[Stored items]

....................

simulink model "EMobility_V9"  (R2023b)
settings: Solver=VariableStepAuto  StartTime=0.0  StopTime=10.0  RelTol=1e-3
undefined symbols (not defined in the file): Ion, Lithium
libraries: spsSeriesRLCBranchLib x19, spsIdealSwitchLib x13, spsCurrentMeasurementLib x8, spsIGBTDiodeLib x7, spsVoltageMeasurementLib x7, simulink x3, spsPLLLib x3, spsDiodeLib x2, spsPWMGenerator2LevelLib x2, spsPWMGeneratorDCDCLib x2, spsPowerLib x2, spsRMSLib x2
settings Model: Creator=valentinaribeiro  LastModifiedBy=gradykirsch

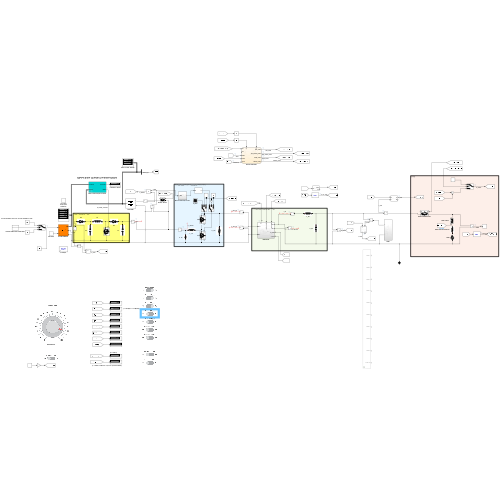
[thumbnail: Simulink's stored preview of the top-level diagram]
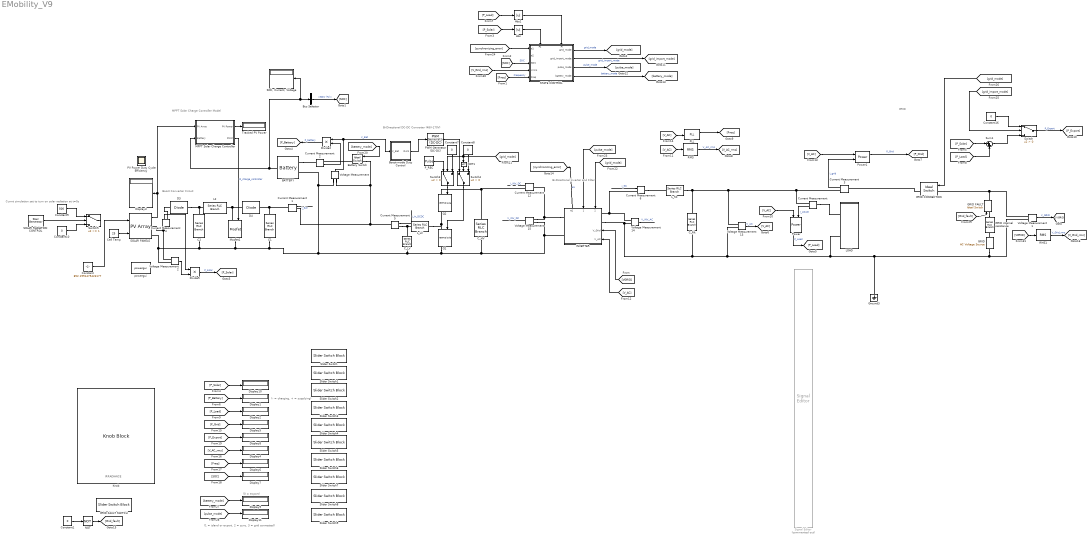
== system EMobility_V9 ==
  note: IRRADIANCE
  note: (- = charging, + = supplying)
  note: (0 = export)
  note: (1 = island or export, 2 = sync, 3 = grid connected)
  note: Bi-Directional Inverter and Filter
  note: GRID
  note: Boost Converter Circuit
  note: Bi-Directional DC-DC Converter (48V-170V)
  note: Currnt simulation set to turn on solar radiation at t=0s
  note: MPPT Solar Charge Controller Model
  " C1" : spsSeriesRLCBranchLib/Series RLC Branch  LConnTagsString=__new0  RConnTagsString=__new0  BranchType=C  Resistance=0.1  Inductance=1e-3  SetiL0=off  InitialCurrent=0  Capacitance=1  Setx0=off  InitialVoltage=0  Measurements=None
  Abs : Abs  SaturateOnIntegerOverflow=off
  Abs1 : Abs  SaturateOnIntegerOverflow=off
  BATTERY : spsBatteryLib/Battery  BatType=Lithium-Ion  ShowTempParam=off  ThermalPreset=no  ShowAgeParam=off  NomV=48  NomQ=80  SOC=89  Batt_Tr=30  PresetModel=on  MaxQ=80  MinV=36  FullV=55.8714  Dis_rate=34.7826  R=0.006  Normal_OP=72.3478  expZone="[51.8585      3.93043]"  current=[6.5 13 32.5]  Units=Time  Tci=20  NomT=20  T2=-30  MaxQ2=4.8  FullV2=7.1  Normal_OP2=5.655  expZone2="[6.58           1]"  Rca=0.6  ti=2000  Dp=0  Neq0=0  Tsim=1e6  Ta1=25  Qeol=5.4*0.9  Reol=0.013333*1.2  Char_age=[2.3478, 3]  Dis_age=[2.3478, 10]  N1=1500  N2=10500  N3=1000  N4=1400  Ta2=45  N5=950
      settings: LibrarySourceBlock=electricdrivelib/Extra Sources/Battery
  Battery Switch : spsIdealSwitchLib/Ideal Switch  Ron=0.001  Lon=0  IC=0  Rs=1e5  Cs=inf  Measurements=on
  Boost-mode Duty Control : Subsystem
  Bus Selector : BusSelector  OutputSignals=SOC (%)
  C2 : spsSeriesRLCBranchLib/Series RLC Branch  LConnTagsString=__new0  RConnTagsString=__new0  BranchType=C  Resistance=0.1  Inductance=1e-3  SetiL0=off  InitialCurrent=0  Capacitance=1000e-6  Setx0=off  InitialVoltage=0  Measurements=None
  C_HV : spsSeriesRLCBranchLib/Series RLC Branch  LConnTagsString=__new0  RConnTagsString=__new0  BranchType=C  Resistance=20  Inductance=159e-3  SetiL0=off  InitialCurrent=0  Capacitance=1.6e-3  Setx0=off  InitialVoltage=0  Measurements=None
  C_LV : spsSeriesRLCBranchLib/Series RLC Branch  LConnTagsString=__new0  RConnTagsString=__new0  BranchType=C  Resistance=20  Inductance=159e-3  SetiL0=off  InitialCurrent=0  Capacitance=0.5e-3  Setx0=off  InitialVoltage=0  Measurements=None
  C_filt : spsSeriesRLCBranchLib/Series RLC Branch  LConnTagsString=__new0  RConnTagsString=__new0  BranchType=C  Resistance=0  Inductance=1e-3  SetiL0=off  InitialCurrent=0  Capacitance=200e-6  Setx0=off  InitialVoltage=0  Measurements=None
  Cell Temp : Constant  Value=25
  Constant : Constant  Value=852.1991475423177
  Constant{1,7..8,10,16} (5 alike) : Constant  Value=0
  Constant9 : Constant  Value=500
  Current Measurement{,1..6,12} (8 alike) : spsCurrentMeasurementLib/Current Measurement  PhasorSimulation=off  OutputType=Complex  PSBequivalent=0
  D3 : spsDiodeLib/Diode  Ron=0.001  Lon=0  Vf=0.8  IC=0  UseSnubber=0  Rs=inf  Cs=0  Measurements=off
  D4 : spsDiodeLib/Diode  Ron=0.001  Lon=0  Vf=0.5  IC=0  UseSnubber=0  Rs=inf  Cs=0  Measurements=off
  Display{1..11} (11 alike) : Display
      Display7 settings: Decimation=1000
  Divide2 : Product  Inputs=**
  Divide5 : Product  Inputs=**
  GRID : spsACVoltageSourceLib/AC Voltage Source  Amplitude=170  Phase=0  Frequency=60  SampleTime=0  Measurements=None  BusType=swing  Pref=10e3  Qref=0  Qmin=-inf  Qmax=+inf
  GRID CONNECTION : spsIdealSwitchLib/Ideal Switch  Ron=0.001  Lon=0  IC=0  Rs=1e5  Cs=inf  Measurements=on
  GRID FAULT : spsIdealSwitchLib/Ideal Switch  Ron=0.001  Lon=0  IC=0  Rs=1e5  Cs=inf  Measurements=on
  GRID FAULT SWITCH : SliderSwitchBlock
      settings: Values={{'Off', 'On'}, [0 1]}
  GRID internal resistance : spsSeriesRLCBranchLib/Series RLC Branch  LConnTagsString=__new0  RConnTagsString=__new0  BranchType=R  Resistance=0.000001  Inductance=159e-3  SetiL0=off  InitialCurrent=0  Capacitance=100e-6  Setx0=off  InitialVoltage=0  Measurements=None
  Ground3 : spsGroundLib/Ground  LConnTagsString=a
  INVERTER : Subsystem
      settings: PortSchema="{\"entries\":[{\"content\":{\"sides\":[{\"content\":{\"connectorIds\":[\"LConn1\",\"LConn2\"]},\"type\":\"ConnectorPlacement.EquallySpacedRectSide\",\"uuid\":\"08b47f30-9f27-435b-83c4-c6fbe942e4e9\"},{\"content\":{\"connectorIds\":[\"RConn1\",\"RConn2\",\"In3\",\"In4\"],\"side\":\"RIGHT\"},\"type\":\"ConnectorPlacement.EquallySpacedRectSide\",\"uuid\":\"fbea0f57-7dc0-46de-be59-ba0dc15ef90e\"},{\"content\":{\"connectorIds\":[\"Out1\",\"In1\",\"In2\"],\"side\":\"TOP\"},\"type\":\"ConnectorPlacement.EquallySpacedRectSide\",\"uuid\":\"41f57134-76db-4888-b698-262c1208f49e\"}]},\"type\":\"ConnectorPlacement.EquallySpacedConnector\",\"uuid\":\"a2b9da51-a472-4525-b916-29c2121475f9\"}],\"packageUris\":[\"http://schema.mathworks.com/mf0/Connector/R2020b\"],\"version\":\"1.0\"}"
  Knob : KnobBlock  ScaleMax=1000
  L2 : spsSeriesRLCBranchLib/Series RLC Branch  LConnTagsString=__new0  RConnTagsString=__new0  BranchType=L  Resistance=1  Inductance=0.01  SetiL0=off  InitialCurrent=0  Capacitance=1e-6  Setx0=off  InitialVoltage=0  Measurements=None
  LOAD : Subsystem
  L_LV : spsSeriesRLCBranchLib/Series RLC Branch  LConnTagsString=__new0  RConnTagsString=__new0  BranchType=L  Resistance=0  Inductance=0.003  SetiL0=off  InitialCurrent=0  Capacitance=100e-6  Setx0=off  InitialVoltage=0  Measurements=None
  L_filt : spsSeriesRLCBranchLib/Series RLC Branch  LConnTagsString=__new0  RConnTagsString=__new0  BranchType=L  Resistance=0  Inductance=0.003  SetiL0=off  InitialCurrent=0  Capacitance=100e-6  Setx0=off  InitialVoltage=0  Measurements=None
  MPPT Solar Charge Controller : Subsystem  mask(MPPT Solar Charge Controller Block){dD=1e-6, BattCV=55.4, Fsw=1000}
      mask prompts: dD "MPPT Duty Cycle (delta) Step Size"; BattCV "Battery Charging Constant Voltage (V)"; Fsw "PWM Switching frequency (Hz):"
      mask help:
      | MPPT Solar Charge Controller Block
      | Developed by Rodney Tan (PhD)
      | Version 1.00 Oct 2019
      |
      | This block perform solar photovoltaic Maximum Power Point Tracking based on Perturbation & Observation algorithm and charge lead acid battery using three stage charging algorithm.
      mask Help:
      | <b><u>Block Setting</u></b>
      | 
      | <b>MPPT Duty Cycle Step Size</b>
      | Specify the MPPT duty cycle (delta) step size. Default value is 1e-5.
      | 
      | <b>Battery Charging Constant Voltage (V)</b>
      | Specify the battery charging constant voltage for absorption stage.
      | 
      | <b>PWM Switching Frequency (Hz)</b>
      | Specify the PWM switching frequency in Hz.
      mask TypeOptions Fsw:
      | PWM Generator
      | (DC-DC)/Fsw
  Mosfet1 : spsMosfetLib/Mosfet  Ron=0.02  Lon=0  Rd=0.01  Vfd=0  IC=0  Rs=1e5  Cs=inf  Measurements=off
  NOT : Logic  Operator=NOT  IconShape=distinctive  AllPortsSameDT=off  OutDataTypeStr=boolean
  NOT1 : Logic  Operator=NOT  IconShape=distinctive  AllPortsSameDT=off  OutDataTypeStr=boolean
  PLL : spsPLLLib/PLL  Fmin=45  Par_Init=[0, 60]  ParK=[180, 3200, 1]  TcD=1e-4  MaxRateChangeFreq=12  FilterCutOffFreq=25  Ts=0  AGC=on
      settings: LibrarySourceBlock=sps_lib/Control/PLL
  PV Power Duty Cycle Efficiency : Scope
      settings: Floating=on
  PWM Generator (DC-DC) : spsPWMGeneratorDCDCLib/PWM Generator (DC-DC)  Fsw=5000  Ts=0
  P_REC : DiscretePulseGenerator  PulseType=Time based  Period=1/5000  PulseWidth=26
  Power : spsPowerLib/Power  Freq=60  Vinit=[1, 0]  Iinit=[1, 0]  Ts=0
  Power1 : spsPowerLib/Power  Freq=60  Vinit=[1, 0]  Iinit=[1, 0]  Ts=0
  Q1 : spsIGBTDiodeLib/IGBT//Diode  Ron=1e-3  Rs=1e5  Cs=inf  Measurements=on
  Q2 : spsIGBTDiodeLib/IGBT//Diode  Ron=1e-3  Rs=1e5  Cs=inf  Measurements=on
  RMS : spsRMSLib/RMS  TrueRMS=on  Freq=60  RMSInit=120  Ts=0
  RMS1 : spsRMSLib/RMS  TrueRMS=on  Freq=60  RMSInit=120  Ts=0
  "SOC, Current, Voltage" : Display
  SOLAR PANELS : spsPVArrayLib/PV Array  Npar=8  Nser=10  PlotType=array @ 25 deg.C & specified irradiances  S_vec="[ 1000  800  600 400 200 ]"  Temp_C_vec="[ 45 25  ]"  ModuleName=Tesla Inc. SR24S3-2  PlotWhenSelected=off  Pm=23.4  Ncell=6  Voc=3.8  Isc=8.35  Vm=3  Im=7.8  beta_Voc_pc=-0.325  alpha_Isc_pc=0.048  beta_Voc=-0.01235  alpha_Isc=0.004008  IL=8.3755  I0=7.7166e-11  nI=0.97085  Rsh=23.4287  Rs=0.046227  RobustModel=off  RobustCellTemperature=313.3991  BAL=off  Tc=1e-6  Tfilter=1e-5
  SOLAR RADIATION CONTROL : spsStairGeneratorLib/Stair Generator  t=[0, 0.2, 0.4]  e=[1, 1, 1]  Ts=0
  STATE CONTROL : Stateflow chart  TreatAsAtomicUnit=on
      settings: PortSchema="{\"entries\":[{\"content\":{\"sides\":[{\"content\":{\"connectorIds\":[\"In3\",\"In5\",\"In6\",\"In4\",\"In7\"]},\"type\":\"ConnectorPlacement.EquallySpacedRectSide\",\"uuid\":\"b48b8e79-9223-4f44-9ca2-01abafb2610b\"},{\"content\":{\"connectorIds\":[\"Out1\",\"Out2\",\"Out3\",\"Out4\"],\"side\":\"RIGHT\"},\"type\":\"ConnectorPlacement.EquallySpacedRectSide\",\"uuid\":\"69043a30-cfac-4fa3-beb1-dafea7c61121\"},{\"content\":{\"connectorIds\":[\"In1\",\"In2\"],\"side\":\"TOP\"},\"type\":\"ConnectorPlacement.EquallySpacedRectSide\",\"uuid\":\"c5081c87-0412-4df0-923f-4518851b42d3\"}]},\"type\":\"ConnectorPlacement.EquallySpacedConnector\",\"uuid\":\"4eeccdef-121a-476a-b6e9-b0cda67e3776\"}],\"packageUris\":[\"http://schema.mathworks.com/mf0/Connector/R2020b\"],\"version\":\"1.0\"}"
  Signal Editor : SignalEditorBlockLib/Signal Editor  Commented=on  FileName=/Volumes/Extreme_SSD/MATLAB/loadsignal.mat  ActiveScenario=Scenario  ActiveSignal=Load 1  IsBus=off  OutputBusObjectStr=Bus: BusObject  SampleTime=0  Interpolate=off  ZeroCross=off  OutputAfterFinalValue=Setting to zero  Unit=inherit  PreserveSignalName=on  ApplySigPropsToAllScenarios=on  ApplySigPropsToAllSignals=off
  Slider Switch{,1..9} (10 alike) : SliderSwitchBlock
      settings: Values={{'Off', 'On'}, [0 1]}
  Sum1 : Sum  Inputs=|++
  Switch : Switch  Criteria=u2 > Threshold  SaturateOnIntegerOverflow=off  InputSameDT=off
  Switch3 : Switch  Criteria=u2 > Threshold  SaturateOnIntegerOverflow=off  InputSameDT=off
  Switch4 : Switch  Criteria=u2 > Threshold  SaturateOnIntegerOverflow=off  InputSameDT=off
  Switch5 : Switch  Threshold=1  SaturateOnIntegerOverflow=off  InputSameDT=off
  Tracked PV Power : Display
  Voltage Measurement{,1..2,13..15} (6 alike) : spsVoltageMeasurementLib/Voltage Measurement  PhasorSimulation=off  OutputType=Complex  PSBequivalent=0
  powergui : sps_lib/powergui  Priority=1  SimulationMode=Discrete  SampleTime=1/1e5  frequency=60  Iterations=50  frequencyindice=0  Pbase=100e6  ErrMax=1e-4  UnitsV=kV  UnitsW=MW  buscounter=0  FunctionMessages=off  echomessages=off  EnableUseOfTLC=off  CurrentSourceSwitches=off  DisableSnubberDevices=off  DisableRonSwitches=off  DisableVfSwitches=off  DisplayEquations=off  AutomaticDiscreteSolvers=off  SolverType=Tustin/Backward Euler (TBE)  Interpol=off  ExternalGateDelay=off  methode=off  Ts=100  x0status=blocks  SPID=off  SwTol=0  HookPort=off  NonlinearTolerance=1e-4  nMaxIteration=100  ContinueOnMaxIteration=off  RestoreLinks=warning  ResistiveCurrentMeasurement=off  Frange=[0:2:500]  Ylog=off  Xlog=on  ShowGrid=off  save=off  variable=ZData  structure=0  ZoomFFT=off  StartTime=0.0  cycles=1  DisplayStyle=1  fundamental=60  FreqAxis=off  MaxFrequency=1000  frequencyindicesteady=1  RmsSteady=1  display=off
  wires:
  Voltage Measurement15/1 -> ?  "V_INV_DC"
  SOLAR PANELS/1 -> MPPT Solar Charge Controller/1(PV Array), Display3/1
  RMS/1 -> [V_AC_rms]  "V_AC_rms"
  INVERTER/1(e1) -> [synchronizing_error]  "e1"
  Divide2/1 -> [P_Battery]  "P_battery"
  P_REC/1 -> Switch3/1
  NOT1/1 -> Switch4/2
  Current Measurement/1 -> Power/2  "I_LOAD"
  Voltage Measurement14/1 -> ?  "V_INV_AC"
  STATE CONTROL/3(pulse_mode) -> [pulse_mode]  "pulse_mode"
  Voltage Measurement13/1 -> [V_AC]  "V_AC"
  Current Measurement2/1 -> Divide2/2
  Constant7/1 -> Switch3/3
  Voltage Measurement1/1 -> [VGRID]  "V_GRID"
  BATTERY/1 -> Bus Selector/1, "SOC, Current, Voltage"/1, MPPT Solar Charge Controller/2(Battery)
  Constant10/1 -> Switch5/3
  SOLAR RADIATION CONTROL/1 -> Switch5/2
  Switch3/1 -> Q2/1
  Switch4/1 -> Q1/1
  PWM Generator (DC-DC)/1 -> Switch4/1
  MPPT Solar Charge Controller/1(PV Power) -> Tracked PV Power/1
  Cell Temp/1 -> SOLAR PANELS/2
  MPPT Solar Charge Controller/2(PWM) -> Mosfet1/1  "D_charge_controller"
  Current Measurement12/1 -> ?  "I_INV_DC"
  Constant9/1 -> Switch5/1
  PLL/1 -> [Freq]
  Voltage Measurement/1 -> Divide2/1, Boost-mode Duty Control/1(V_Bat)  "V_Bat"
  [VGRID] -> INVERTER/3(V_Grid)
  Constant8/1 -> Switch4/3
  STATE CONTROL/1(grid_mode) -> [grid_mode]  "grid_mode"
  Bus Selector/1 -> [SOC]  "<SOC (%)>"
  Current Measurement3/1 -> Power1/2  "I_grid"
  Divide5/1 -> [P_Solar]  "P_solar"
  Voltage Measurement2/1 -> Divide5/2
  Current Measurement4/1 -> Divide5/1
  Abs1/1 -> STATE CONTROL/2(Pl)
  Abs/1 -> STATE CONTROL/1(Ps)
  Power1/1 -> [P_Grid]  "P_Grid"
  Power/1 -> [P_Load]  "P_Load"
  STATE CONTROL/4(battery_mode) -> [battery_mode]  "battery_mode"
  STATE CONTROL/2(grid_import_mode) -> [grid_import_mode]  "grid_import_mode"
  Current Measurement5/1 -> ?  "i_in_DCDC"
  Current Measurement6/1 -> ?  "I_filt"
  Switch/1 -> [P_Export]  "P_Export"
  Sum1/1 -> Switch/3
  Constant16/1 -> Switch/1
  [P_Solar] -> Abs/1
  [P_Solar] -> Display10/1
  [P_Solar] -> Sum1/1
  Boost-mode Duty Control/1(Out1) -> PWM Generator (DC-DC)/1
  Current Measurement1/1 -> ?  "I_Sun"
  [P_Battery] -> Display1/1
  [P_Load] -> Abs1/1
  [P_Load] -> Sum1/2
  [P_Load] -> Display2/1
  [V_AC] -> Power/1
  [V_AC] -> RMS/1
  [V_AC] -> INVERTER/4(V_AC)
  [V_AC] -> Power1/1
  [V_AC] -> PLL/1
  [P_Grid] -> Display5/1
  [Freq] -> Display6/1
  [V_AC_rms] -> Display4/1
  [Freq] -> STATE CONTROL/7(Freq)  "Frequency"
  [SOC] -> STATE CONTROL/6(SOC)  "SOC"
  [SOC] -> Display7/1
  [P_Export] -> Display8/1
  [battery_mode] -> Battery Switch/1
  [grid_mode] -> NOT1/1, Switch3/2
  [grid_mode] -> INVERTER/2(grid_mode)
  [pulse_mode] -> INVERTER/1(pulse_mode)
  [synchronizing_error] -> STATE CONTROL/3(e1)
  [grid_import_mode] -> Switch/2
  [grid_mode] -> GRID CONNECTION/1
  [pulse_mode] -> Display11/1
  [battery_mode] -> Display9/1
  Constant/1 -> SOLAR PANELS/1
  [Grid_fault] -> GRID FAULT/1
  Constant1/1 -> NOT/1
  NOT/1 -> [Grid_fault]
  [V_Grid_rms] -> STATE CONTROL/4(Vrms)
  RMS1/1 -> [V_Grid_rms]  "V_Grid_rms"
  [VGRID] -> RMS1/1
  connections:
  C_LV/RConn1 -- Voltage Measurement/LConn2 -- BATTERY/LConn2 -- " C1"/RConn1 -- Mosfet1/RConn1 -- SOLAR PANELS/RConn2 -- Voltage Measurement2/LConn2 -- C2/RConn1 -- Q1/RConn1 -- C_HV/RConn1 -- Voltage Measurement15/LConn2 -- INVERTER/LConn2
  Current Measurement1/RConn1 -- Battery Switch/LConn1 -- Voltage Measurement/LConn1 -- Current Measurement5/LConn1
  Voltage Measurement1/LConn1 -- GRID FAULT/RConn1 -- GRID CONNECTION/LConn1
  L2/LConn1 -- C2/LConn1 -- D3/RConn1
  L_filt/RConn1 -- Current Measurement/RConn1 -- Current Measurement3/RConn1 -- Voltage Measurement13/LConn1 -- C_filt/LConn1
  Voltage Measurement13/LConn2 -- GRID/LConn1 -- Voltage Measurement1/LConn2 -- Ground3/LConn1 -- LOAD/LConn2 -- INVERTER/RConn2 -- Voltage Measurement14/LConn2 -- C_filt/RConn1
  INVERTER/LConn1 -- Current Measurement12/LConn1 -- Voltage Measurement15/LConn1
  L_LV/RConn1 -- Q2/RConn1 -- Q1/LConn1
  Mosfet1/LConn1 -- L2/RConn1 -- D4/LConn1
  C_HV/LConn1 -- Q2/LConn1 -- Current Measurement12/RConn1
  Voltage Measurement14/LConn1 -- Current Measurement6/RConn1 -- INVERTER/RConn1
  GRID/RConn1 -- GRID internal resistance/LConn1
  BATTERY/LConn1 -- Current Measurement2/LConn1
  GRID CONNECTION/RConn1 -- Current Measurement3/LConn1
  " C1"/LConn1 -- Current Measurement1/LConn1 -- D4/RConn1
  Current Measurement4/LConn1 -- Voltage Measurement2/LConn1 -- SOLAR PANELS/RConn1
  D3/LConn1 -- Current Measurement4/RConn1
  Battery Switch/RConn1 -- Current Measurement2/RConn1
  L_LV/LConn1 -- Current Measurement5/RConn1 -- C_LV/LConn1
  Current Measurement6/LConn1 -- L_filt/LConn1
  Current Measurement/LConn1 -- LOAD/LConn1
  GRID FAULT/LConn1 -- GRID internal resistance/RConn1

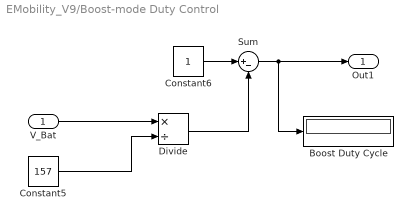
== system EMobility_V9/Boost-mode Duty Control ==
  V_Bat : Inport
  Boost Duty Cycle : Display
  Constant5 : Constant  Value=157
  Constant6 : Constant
  Divide : Product  Inputs=*/
  Sum : Sum  Inputs=|+-
  Out1 : Outport
  wires:
  Divide/1 -> Sum/2
  Constant6/1 -> Sum/1
  V_Bat/1 -> Divide/1
  Constant5/1 -> Divide/2
  Sum/1 -> Out1/1, Boost Duty Cycle/1

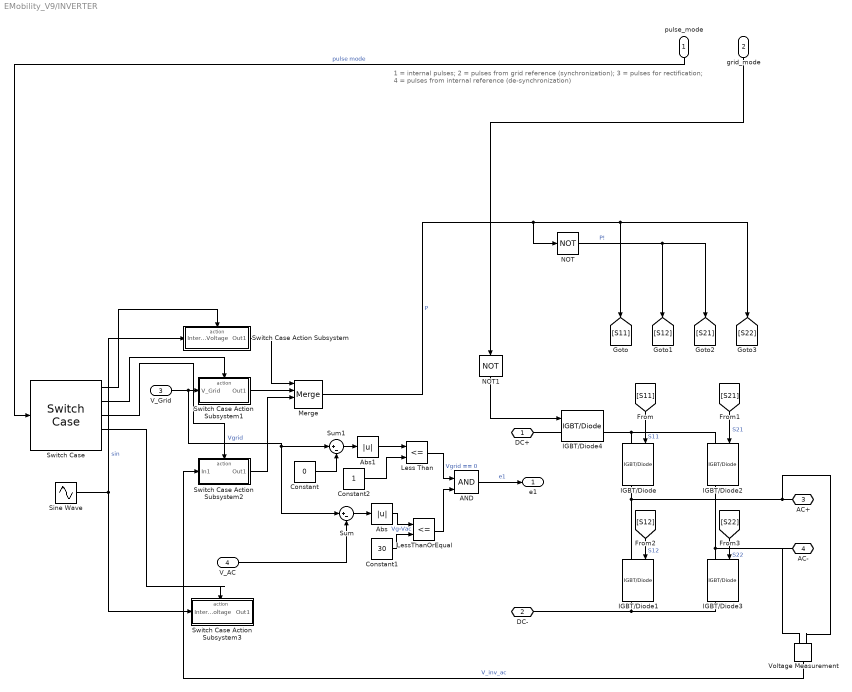
== system EMobility_V9/INVERTER ==
  note: 1 = internal pulses; 2 = pulses from grid reference (synchronization); 3 = pulses for rectification; 4 = pulses from internal reference (de-synchronization)
  pulse_mode : Inport
  grid_mode : Inport  Port=2
  V_Grid : Inport  Port=3
  V_AC : Inport  Port=4
  AND : Logic  IconShape=distinctive  AllPortsSameDT=off  OutDataTypeStr=boolean
  Abs : Abs  SaturateOnIntegerOverflow=off
  Abs1 : Abs  SaturateOnIntegerOverflow=off
  Constant : Constant  Value=0
  Constant1 : Constant  Value=30
  Constant2 : Constant
  IGBT/Diode{,1..4} (5 alike) : spsIGBTDiodeLib/IGBT//Diode  Ron=1e-3  Rs=1e5  Cs=inf  Measurements=on
  Less Than : RelationalOperator  Operator=<=  OutDataTypeStr=boolean  RndMeth=Simplest  InputSameDT=off
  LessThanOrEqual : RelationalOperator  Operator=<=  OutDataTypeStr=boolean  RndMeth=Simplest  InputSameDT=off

....................

◆ **What you have to do**
Reply with the number of lines in the data that include the string "spsPowerLib" and nothing else.

◆ **Your solution**
3